I don't know if I missed it, but what is your filtration like? With a bigger filter, you might be able to get away with a higher bioload. But, you might already be at your max. The rainbow fish you have will actually grow quite large. If you still want to add something, a small school of pygmy corys would be nice. Also, a small school of rummynose would be nice too. I've never had problems with lights and fish. I've successfully had discus in a high-light tank. Had no problems breeding them either.


----------



## taz81 (Jul 13, 2009)

I go to one little dinner party and look what happens! Tons of responses! I should go to those more often .

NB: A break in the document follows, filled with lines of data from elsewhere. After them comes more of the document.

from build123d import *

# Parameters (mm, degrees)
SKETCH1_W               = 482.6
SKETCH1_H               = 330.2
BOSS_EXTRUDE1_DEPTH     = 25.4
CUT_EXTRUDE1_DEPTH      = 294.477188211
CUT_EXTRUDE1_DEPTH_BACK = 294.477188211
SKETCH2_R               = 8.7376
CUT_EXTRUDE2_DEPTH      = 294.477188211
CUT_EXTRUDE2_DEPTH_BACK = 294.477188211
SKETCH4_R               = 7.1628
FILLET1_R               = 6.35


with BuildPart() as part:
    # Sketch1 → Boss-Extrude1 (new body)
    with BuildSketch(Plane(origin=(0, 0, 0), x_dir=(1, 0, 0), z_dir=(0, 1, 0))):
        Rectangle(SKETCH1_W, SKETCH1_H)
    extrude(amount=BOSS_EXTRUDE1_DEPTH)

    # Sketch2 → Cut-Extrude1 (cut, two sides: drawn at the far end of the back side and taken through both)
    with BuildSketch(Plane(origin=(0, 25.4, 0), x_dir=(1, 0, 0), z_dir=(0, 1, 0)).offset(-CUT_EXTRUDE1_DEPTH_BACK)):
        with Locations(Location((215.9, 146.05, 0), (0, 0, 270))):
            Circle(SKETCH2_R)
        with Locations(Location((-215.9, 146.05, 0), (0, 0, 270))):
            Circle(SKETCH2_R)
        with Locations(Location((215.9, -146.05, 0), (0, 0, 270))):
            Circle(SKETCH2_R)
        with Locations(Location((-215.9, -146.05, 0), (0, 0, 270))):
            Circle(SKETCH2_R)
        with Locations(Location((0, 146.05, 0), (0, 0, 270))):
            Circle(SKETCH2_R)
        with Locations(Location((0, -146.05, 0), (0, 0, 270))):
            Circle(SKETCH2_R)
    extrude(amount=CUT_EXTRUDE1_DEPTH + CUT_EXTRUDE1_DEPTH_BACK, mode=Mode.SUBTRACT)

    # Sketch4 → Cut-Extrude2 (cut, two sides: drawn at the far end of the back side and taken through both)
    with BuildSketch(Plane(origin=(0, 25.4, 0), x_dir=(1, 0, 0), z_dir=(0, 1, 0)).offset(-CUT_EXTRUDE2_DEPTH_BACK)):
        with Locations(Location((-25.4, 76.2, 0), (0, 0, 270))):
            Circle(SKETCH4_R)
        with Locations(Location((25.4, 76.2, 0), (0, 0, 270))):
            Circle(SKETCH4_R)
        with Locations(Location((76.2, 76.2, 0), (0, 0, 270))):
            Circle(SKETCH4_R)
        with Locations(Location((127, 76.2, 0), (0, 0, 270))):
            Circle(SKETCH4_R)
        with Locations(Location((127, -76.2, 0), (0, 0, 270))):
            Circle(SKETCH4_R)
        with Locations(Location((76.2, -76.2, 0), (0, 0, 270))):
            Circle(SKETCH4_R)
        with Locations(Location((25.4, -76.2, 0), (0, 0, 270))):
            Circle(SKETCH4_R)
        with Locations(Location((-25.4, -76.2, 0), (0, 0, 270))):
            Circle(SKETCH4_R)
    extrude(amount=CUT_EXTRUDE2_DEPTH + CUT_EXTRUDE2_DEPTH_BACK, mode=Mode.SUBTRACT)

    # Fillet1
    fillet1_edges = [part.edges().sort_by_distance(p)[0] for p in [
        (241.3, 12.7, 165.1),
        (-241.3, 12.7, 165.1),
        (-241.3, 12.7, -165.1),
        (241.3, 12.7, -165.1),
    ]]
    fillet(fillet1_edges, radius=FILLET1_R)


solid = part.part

I got my light yesterday, and it sure does have two switches.  So i'll probably keep it to one light at a time for the time being, until i feel comfortable enough to experiment .

Quijoman & Natalia,
Thank you for that, it kind of confirms what the LFS people said about not having to count invertebrates directly into the 1" per gallon.

Xtremefour,
I think the julli cory cats are cute, but i don't think I will be able to find them in my area . But I do think cory cats are a good idea, since they shouldn't be able to hurt my shrimp.

Philo,
Ooo I like the argument. I think you're my new favorite poster . I think the oto's might be the best idea, since they are smaller than the others it appears.

Brilliant,
10 Amano might be a bit expensive right away . and no NO to less lighting BUHAHAHAHAHA! err...yeah ok 65W 

Nokturnal,
I have a powerfilter. I'm glad to hear about your experience, makes me feel better if i do get those otos.

I will probably have to decide between the otos and cory cats based on whats available at the LFS .


----------